What are your assumptions on the proposed pipelines (Line 3 replacement, Trans Mountain expansion and Keystone XL)? What will be the impact of each pipeline on LH differential and other western Canada crude?

The midstream implications are that through 2025, we see only the Line 3 expansion program, which we expect to successfully navigate remaining and current state-level permitting procedural challenges and delays largely on environmental and cultural review grounds, as being required to sufficiently handle oil sands crude gains through 2025. We do see the Line 3 replacement project as being the most likely to get built and commissioned during the forecast period.

How much of an effect will pipeline opposition have on getting pipelines approved and/or built in Canada and/or the U.S.? Also, how much of an impact will the inclusion of upstream and downstream emissions by the NEB have on pipeline approvals in the future? And what is the probability of KXL being built?

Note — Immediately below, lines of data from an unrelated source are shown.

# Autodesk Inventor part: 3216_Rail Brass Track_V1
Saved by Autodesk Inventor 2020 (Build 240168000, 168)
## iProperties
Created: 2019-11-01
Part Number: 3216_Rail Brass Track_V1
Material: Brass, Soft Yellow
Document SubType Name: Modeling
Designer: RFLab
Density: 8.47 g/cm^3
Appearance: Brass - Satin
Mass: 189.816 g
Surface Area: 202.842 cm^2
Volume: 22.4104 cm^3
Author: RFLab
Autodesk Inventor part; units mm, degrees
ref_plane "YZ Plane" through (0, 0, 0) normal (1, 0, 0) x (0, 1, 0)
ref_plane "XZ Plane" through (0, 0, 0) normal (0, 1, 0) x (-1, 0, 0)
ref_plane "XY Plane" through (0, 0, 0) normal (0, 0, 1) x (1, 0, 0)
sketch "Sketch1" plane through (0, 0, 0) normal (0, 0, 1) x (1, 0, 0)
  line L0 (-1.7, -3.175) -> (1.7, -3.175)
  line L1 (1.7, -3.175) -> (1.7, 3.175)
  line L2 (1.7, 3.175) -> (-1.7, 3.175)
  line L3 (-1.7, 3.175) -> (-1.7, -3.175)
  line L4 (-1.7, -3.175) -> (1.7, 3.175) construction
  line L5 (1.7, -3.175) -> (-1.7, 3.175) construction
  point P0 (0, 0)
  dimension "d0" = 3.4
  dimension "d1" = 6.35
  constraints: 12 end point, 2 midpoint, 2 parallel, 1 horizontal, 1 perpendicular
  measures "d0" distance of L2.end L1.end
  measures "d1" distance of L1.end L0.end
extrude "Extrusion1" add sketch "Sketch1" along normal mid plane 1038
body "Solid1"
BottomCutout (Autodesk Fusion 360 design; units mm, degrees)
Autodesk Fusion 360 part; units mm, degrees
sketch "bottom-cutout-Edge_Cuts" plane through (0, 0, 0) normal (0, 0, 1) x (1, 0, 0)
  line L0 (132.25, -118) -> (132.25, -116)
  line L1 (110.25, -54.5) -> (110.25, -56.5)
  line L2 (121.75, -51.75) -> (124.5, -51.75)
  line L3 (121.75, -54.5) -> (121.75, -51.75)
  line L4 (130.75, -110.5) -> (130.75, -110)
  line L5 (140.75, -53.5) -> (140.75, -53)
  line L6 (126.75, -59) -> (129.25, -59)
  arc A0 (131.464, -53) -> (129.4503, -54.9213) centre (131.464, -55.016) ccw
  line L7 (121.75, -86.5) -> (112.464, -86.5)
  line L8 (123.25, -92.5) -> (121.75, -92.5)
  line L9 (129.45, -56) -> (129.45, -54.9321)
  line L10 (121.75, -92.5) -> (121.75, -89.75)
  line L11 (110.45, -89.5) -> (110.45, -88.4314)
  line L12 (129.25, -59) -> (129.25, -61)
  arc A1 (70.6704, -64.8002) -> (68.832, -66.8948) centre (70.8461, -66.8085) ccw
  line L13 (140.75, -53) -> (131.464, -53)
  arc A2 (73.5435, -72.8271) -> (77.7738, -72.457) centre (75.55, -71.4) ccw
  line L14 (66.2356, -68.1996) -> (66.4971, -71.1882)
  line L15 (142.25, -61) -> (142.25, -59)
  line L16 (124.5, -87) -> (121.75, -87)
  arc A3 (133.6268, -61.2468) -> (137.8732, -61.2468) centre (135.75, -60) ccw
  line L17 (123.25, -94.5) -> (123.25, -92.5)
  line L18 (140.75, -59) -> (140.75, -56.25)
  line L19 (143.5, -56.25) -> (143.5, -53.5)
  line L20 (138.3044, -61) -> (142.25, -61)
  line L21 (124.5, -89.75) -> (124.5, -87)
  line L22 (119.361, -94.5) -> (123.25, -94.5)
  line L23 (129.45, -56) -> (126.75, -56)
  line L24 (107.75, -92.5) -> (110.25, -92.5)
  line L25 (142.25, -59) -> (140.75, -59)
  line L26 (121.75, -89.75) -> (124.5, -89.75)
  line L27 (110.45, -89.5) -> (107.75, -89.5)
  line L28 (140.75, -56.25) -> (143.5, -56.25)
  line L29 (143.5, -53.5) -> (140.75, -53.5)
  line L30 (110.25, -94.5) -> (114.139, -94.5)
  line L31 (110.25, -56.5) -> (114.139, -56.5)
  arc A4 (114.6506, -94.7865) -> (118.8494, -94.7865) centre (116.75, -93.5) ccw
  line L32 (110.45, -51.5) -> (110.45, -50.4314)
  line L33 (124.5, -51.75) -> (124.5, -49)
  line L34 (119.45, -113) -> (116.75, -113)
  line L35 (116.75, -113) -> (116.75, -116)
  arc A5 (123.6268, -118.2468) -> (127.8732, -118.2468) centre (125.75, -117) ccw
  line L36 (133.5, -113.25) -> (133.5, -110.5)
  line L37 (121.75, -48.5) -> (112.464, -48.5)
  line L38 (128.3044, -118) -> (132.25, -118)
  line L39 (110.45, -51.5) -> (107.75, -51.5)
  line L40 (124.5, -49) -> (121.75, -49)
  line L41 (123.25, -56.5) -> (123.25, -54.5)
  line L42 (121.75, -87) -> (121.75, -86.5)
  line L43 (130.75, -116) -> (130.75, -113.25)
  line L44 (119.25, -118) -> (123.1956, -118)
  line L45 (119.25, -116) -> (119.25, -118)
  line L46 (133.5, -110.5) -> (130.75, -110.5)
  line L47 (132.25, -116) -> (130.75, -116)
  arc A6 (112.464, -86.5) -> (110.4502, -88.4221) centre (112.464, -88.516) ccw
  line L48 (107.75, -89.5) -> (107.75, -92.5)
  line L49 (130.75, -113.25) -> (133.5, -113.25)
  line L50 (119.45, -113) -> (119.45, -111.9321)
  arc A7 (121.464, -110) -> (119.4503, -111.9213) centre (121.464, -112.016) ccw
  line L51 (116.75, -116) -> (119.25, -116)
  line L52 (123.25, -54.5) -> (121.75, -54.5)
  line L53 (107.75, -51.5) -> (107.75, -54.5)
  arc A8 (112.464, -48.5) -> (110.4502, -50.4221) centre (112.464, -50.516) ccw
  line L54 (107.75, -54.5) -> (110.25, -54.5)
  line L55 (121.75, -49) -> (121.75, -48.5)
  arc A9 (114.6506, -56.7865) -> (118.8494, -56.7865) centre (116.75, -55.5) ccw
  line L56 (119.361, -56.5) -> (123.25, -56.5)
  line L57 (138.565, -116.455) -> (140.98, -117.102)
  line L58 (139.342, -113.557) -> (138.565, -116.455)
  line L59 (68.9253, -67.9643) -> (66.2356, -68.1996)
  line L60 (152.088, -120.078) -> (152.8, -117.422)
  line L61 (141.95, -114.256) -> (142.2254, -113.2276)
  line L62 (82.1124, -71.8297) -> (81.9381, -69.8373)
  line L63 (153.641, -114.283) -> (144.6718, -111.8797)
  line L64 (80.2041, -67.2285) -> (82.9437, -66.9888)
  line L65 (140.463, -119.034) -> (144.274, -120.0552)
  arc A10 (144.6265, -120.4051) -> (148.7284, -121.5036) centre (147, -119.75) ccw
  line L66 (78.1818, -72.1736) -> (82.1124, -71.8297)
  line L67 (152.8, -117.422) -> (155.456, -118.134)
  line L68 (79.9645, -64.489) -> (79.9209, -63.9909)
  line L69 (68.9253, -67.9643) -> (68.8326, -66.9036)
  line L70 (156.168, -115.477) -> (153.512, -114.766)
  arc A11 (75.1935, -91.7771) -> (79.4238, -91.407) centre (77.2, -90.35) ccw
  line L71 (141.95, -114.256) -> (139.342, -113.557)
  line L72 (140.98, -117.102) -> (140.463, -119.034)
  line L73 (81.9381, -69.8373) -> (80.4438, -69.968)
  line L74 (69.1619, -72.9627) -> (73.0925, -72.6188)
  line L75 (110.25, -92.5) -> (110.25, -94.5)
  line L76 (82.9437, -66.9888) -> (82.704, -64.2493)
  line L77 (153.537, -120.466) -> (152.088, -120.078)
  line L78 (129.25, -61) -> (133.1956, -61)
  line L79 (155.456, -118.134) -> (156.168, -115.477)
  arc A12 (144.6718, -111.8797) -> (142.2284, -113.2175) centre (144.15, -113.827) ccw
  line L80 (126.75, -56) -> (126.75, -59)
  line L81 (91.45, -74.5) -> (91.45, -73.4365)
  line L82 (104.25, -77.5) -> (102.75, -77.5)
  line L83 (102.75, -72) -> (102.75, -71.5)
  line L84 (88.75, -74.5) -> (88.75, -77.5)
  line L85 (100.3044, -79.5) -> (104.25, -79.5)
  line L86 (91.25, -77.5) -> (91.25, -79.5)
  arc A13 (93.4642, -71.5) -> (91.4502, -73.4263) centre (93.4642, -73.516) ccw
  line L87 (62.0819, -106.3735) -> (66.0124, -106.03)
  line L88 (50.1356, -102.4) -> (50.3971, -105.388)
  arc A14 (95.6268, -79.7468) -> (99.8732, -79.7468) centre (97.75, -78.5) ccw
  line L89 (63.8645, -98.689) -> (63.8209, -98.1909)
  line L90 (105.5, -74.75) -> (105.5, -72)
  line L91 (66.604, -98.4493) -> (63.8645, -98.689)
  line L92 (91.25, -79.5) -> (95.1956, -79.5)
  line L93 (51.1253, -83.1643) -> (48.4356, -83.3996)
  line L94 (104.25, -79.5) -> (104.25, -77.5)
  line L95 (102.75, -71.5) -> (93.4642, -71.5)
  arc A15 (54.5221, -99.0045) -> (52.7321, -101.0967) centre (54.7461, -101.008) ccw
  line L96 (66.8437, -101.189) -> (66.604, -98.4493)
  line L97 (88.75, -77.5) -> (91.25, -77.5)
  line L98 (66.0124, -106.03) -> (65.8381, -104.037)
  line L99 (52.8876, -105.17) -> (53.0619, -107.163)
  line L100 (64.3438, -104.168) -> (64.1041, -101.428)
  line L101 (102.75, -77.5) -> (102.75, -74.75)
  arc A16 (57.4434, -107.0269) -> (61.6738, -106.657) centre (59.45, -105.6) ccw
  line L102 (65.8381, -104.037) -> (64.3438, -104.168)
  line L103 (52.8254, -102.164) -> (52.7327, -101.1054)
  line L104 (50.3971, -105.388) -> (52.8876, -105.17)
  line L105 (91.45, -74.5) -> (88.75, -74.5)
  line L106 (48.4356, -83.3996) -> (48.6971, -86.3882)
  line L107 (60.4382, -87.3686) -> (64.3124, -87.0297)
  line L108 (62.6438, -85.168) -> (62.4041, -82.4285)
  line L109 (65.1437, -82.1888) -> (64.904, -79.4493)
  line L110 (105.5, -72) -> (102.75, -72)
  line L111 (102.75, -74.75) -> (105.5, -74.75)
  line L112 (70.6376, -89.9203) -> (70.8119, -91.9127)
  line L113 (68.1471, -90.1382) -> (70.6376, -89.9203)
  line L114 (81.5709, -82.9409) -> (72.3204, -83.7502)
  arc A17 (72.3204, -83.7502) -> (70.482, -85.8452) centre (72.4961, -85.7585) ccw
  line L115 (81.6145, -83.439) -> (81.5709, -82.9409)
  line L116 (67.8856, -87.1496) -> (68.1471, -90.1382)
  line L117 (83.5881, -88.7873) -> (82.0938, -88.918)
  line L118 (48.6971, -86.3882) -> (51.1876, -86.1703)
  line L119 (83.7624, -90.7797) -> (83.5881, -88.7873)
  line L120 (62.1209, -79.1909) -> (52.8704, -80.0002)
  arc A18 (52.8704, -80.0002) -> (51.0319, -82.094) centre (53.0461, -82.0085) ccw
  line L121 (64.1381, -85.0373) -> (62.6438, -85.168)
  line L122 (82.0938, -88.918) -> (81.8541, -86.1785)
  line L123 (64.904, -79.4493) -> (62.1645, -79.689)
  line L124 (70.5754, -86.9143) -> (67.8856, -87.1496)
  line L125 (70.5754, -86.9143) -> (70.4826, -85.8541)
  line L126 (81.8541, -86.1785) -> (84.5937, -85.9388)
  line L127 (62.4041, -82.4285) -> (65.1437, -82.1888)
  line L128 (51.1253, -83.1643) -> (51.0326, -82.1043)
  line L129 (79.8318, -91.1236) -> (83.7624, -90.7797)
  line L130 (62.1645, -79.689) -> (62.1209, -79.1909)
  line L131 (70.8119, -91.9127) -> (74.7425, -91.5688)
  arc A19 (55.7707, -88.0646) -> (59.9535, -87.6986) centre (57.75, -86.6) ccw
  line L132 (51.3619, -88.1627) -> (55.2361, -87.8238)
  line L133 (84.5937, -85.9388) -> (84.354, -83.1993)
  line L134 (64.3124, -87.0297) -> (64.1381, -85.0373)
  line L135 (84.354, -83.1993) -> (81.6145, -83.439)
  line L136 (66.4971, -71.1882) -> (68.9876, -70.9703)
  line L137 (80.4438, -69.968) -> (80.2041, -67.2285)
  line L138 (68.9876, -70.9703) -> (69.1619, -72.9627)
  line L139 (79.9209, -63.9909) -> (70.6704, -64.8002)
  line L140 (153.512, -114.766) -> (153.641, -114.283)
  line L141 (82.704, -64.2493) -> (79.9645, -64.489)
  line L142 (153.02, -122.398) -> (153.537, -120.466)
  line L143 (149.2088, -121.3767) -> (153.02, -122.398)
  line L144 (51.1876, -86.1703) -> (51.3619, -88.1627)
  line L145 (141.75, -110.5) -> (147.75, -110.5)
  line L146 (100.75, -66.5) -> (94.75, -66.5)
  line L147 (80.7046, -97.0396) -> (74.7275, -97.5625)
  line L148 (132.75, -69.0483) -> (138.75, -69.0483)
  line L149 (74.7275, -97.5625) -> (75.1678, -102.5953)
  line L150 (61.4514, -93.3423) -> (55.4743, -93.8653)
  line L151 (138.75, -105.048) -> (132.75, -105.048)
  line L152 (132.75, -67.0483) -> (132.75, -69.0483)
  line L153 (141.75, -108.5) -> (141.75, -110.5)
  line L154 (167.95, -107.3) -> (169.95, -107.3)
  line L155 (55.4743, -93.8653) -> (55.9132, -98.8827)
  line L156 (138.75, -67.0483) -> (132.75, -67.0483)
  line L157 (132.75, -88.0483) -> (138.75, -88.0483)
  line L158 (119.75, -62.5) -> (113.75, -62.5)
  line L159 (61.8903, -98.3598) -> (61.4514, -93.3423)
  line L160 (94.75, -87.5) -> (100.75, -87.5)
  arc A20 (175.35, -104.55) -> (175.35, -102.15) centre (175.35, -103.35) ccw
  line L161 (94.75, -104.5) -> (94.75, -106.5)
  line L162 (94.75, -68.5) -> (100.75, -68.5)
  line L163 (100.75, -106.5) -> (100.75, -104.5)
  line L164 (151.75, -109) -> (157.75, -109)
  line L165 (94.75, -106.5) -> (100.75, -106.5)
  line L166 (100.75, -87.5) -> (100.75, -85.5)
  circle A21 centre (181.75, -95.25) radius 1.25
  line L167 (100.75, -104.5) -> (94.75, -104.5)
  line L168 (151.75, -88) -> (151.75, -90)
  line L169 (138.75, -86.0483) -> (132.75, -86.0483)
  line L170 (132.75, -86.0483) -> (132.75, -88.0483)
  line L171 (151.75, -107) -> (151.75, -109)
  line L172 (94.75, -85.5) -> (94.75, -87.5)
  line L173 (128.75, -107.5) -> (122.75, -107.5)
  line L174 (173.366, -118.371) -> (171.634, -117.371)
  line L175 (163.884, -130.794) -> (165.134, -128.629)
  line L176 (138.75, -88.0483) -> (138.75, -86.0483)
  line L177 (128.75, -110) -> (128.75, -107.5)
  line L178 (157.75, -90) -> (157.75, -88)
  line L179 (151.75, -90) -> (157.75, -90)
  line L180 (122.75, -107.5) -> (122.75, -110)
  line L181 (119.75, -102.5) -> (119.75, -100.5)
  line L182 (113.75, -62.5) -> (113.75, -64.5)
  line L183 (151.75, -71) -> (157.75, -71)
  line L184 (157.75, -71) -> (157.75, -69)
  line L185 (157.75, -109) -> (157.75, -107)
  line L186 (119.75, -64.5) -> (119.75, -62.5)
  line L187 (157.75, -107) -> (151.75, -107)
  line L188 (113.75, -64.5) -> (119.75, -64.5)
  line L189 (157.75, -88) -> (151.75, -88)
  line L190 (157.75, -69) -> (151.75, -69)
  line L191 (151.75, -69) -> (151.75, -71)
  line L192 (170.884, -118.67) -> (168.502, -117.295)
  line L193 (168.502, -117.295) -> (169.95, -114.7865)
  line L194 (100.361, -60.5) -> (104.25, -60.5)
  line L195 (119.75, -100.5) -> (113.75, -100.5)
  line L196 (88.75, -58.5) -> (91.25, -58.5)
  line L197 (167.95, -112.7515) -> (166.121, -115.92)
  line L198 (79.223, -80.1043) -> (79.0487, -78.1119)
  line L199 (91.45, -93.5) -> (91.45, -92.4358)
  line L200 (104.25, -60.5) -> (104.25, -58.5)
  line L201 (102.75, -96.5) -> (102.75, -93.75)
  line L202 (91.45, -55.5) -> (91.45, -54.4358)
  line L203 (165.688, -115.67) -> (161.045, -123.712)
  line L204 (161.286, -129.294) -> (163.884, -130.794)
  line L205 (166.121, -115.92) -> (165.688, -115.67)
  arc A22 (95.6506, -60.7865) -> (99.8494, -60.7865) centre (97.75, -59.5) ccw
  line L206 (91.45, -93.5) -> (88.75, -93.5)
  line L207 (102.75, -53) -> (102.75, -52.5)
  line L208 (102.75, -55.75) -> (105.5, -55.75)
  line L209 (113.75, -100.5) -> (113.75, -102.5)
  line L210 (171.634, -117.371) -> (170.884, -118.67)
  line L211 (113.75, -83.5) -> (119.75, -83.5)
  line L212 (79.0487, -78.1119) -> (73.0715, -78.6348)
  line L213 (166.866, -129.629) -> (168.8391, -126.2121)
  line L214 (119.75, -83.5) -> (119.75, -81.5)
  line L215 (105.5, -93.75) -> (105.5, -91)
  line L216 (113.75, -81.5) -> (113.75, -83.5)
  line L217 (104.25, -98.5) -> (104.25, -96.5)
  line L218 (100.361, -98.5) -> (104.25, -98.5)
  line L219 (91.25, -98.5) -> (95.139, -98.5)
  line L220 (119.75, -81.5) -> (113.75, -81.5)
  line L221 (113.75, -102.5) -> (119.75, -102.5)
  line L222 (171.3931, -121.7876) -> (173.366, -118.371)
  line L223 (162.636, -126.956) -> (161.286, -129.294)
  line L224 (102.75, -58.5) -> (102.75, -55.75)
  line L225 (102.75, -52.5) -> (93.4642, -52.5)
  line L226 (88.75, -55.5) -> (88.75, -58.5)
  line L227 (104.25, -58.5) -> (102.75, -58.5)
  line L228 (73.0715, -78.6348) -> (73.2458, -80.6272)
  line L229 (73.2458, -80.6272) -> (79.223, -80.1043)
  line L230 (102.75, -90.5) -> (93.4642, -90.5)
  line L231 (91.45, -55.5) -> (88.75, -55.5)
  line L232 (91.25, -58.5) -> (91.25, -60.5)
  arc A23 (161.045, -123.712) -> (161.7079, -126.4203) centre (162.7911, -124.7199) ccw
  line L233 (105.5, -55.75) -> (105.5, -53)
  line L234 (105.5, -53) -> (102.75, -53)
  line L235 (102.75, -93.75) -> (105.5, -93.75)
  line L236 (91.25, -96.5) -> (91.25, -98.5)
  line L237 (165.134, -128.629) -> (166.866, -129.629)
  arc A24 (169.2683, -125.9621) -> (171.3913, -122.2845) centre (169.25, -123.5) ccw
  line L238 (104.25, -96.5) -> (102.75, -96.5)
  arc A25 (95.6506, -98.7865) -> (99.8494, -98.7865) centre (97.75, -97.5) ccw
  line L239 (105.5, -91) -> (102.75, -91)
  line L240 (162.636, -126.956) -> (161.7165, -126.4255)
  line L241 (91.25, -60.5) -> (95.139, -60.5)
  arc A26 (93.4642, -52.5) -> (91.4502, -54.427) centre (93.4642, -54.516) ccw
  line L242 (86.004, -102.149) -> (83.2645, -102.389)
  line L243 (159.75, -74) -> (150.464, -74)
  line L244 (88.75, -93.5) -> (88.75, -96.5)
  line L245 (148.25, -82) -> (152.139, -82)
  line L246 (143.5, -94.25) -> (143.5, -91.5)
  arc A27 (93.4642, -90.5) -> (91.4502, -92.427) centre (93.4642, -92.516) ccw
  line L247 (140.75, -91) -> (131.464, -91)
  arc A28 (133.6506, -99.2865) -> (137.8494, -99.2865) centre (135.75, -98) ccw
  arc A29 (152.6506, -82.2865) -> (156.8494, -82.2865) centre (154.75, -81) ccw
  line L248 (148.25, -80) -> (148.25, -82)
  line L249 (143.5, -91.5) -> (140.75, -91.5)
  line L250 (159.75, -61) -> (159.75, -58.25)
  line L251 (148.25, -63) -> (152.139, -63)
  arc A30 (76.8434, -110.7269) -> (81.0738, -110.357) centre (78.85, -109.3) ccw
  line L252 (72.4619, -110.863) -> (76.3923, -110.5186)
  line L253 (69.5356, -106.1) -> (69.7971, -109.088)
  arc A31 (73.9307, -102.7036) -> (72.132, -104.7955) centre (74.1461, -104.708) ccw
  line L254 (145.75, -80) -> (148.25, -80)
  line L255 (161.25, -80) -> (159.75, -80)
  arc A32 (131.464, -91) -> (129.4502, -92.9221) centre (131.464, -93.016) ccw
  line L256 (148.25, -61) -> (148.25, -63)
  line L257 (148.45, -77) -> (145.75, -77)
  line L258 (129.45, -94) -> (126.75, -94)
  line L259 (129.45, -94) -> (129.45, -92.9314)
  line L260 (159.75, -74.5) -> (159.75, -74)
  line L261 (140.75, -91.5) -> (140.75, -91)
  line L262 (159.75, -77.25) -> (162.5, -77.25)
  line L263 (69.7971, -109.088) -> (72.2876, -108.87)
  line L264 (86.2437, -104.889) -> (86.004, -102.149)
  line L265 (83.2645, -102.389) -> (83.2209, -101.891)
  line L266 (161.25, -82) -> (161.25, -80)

We hold low expectations for the completion of the TransMountain Expansion (TMX) or the Keystone XL (KXL) expansion. Pre-construction costs continue to rise and could drive anticipated developer returns too low (as signaled in the TransMountain announcement in April). The demise of the Energy East and Northern Gateway tidewater access projects came after years of delay and after various policy changes, including the pronouncement regarding the need for permits to incorporate upstream and downstream carbon emissions and potentially a national carbon levy to be decided perhaps in 2018. Permitting, adjudicating and constructing the KXL and TMX will likely be no less difficult and no more certain, in our opinion, given relentless opposition. At best, we think the TMX could start in 2021 if the developer doesn’t cancel the project at its late May drop-dead date. Also, we think the KXL expansion will take at least through 2020 to construct and start up. If the Line 3 project is completed, neither the KXL nor TMX will be needed in our opinion to meet the takeaway needs for oil sands crude production that we forecast through the 2025 end of the forecast period. If, however, these pipelines are built, we could likely see Canadian heavy displace Venezuelan and Mexican heavy crude imports and potentially lead to a buildup of exportable excess heavy crude along the US Gulf Coast.

Do you assume a certain level of rail commitments or structural rail?

We expect the Line 3 replacement pipeline to be completed during the forecast period, which will draw barrels away from higher-cost rail transit methods and potentially reduce the need for costly drag-reducing agents (DRA). As oil sands growth resumes and sets new highs in the mid- to late 2020s, or if other unplanned pipeline outages arise, we could see a resumption in significant crude-by-rail movements from ample already-existing loading terminals which could send out volumes at or above the 200,000 barrels per day (Mbbl/d) to 300 Mbbl/d run rate today.

Do you expect to see more heavy being mixed with light to be moved on light oil pipelines?

We do not expect to see a significant new requirement for mixing of light crude with bitumen (shale-bit, synbit, etc.). Accordingly, the shift of more oil sands production away from costlier rail and DRA-assisted pipeline transits to more cost-efficient new bulk pipeline movements.

What are your assumptions on pipeline and rail transportation costs?

We anticipate costs to move WCS, synbit or railbit by rail to the more distant U.S. markets such as the Gulf Coast will range between $12 to $18/bbl through the forecast period. Conversely, current pipeline tolls to the same USGC market are $4 to $6/bbl lower. The flow volume weighted operational opportunity at any given time should determine the blended WTI-WCS differential. Ultimately, if the Line 3 replacement starts up to offer an incremental 370 Mbbl/d of takeaway to interconnected markets from Alberta, we would expect this pipeline to sufficiently drive flows and more narrow differentials between WCS and US inland and coastal light and heavy crude grades through 2025. We estimate that the WTI-WCS differential should narrow to an average of $14.28/bbl in 2025 vs. $25.58/bbl in first-quarter 2018.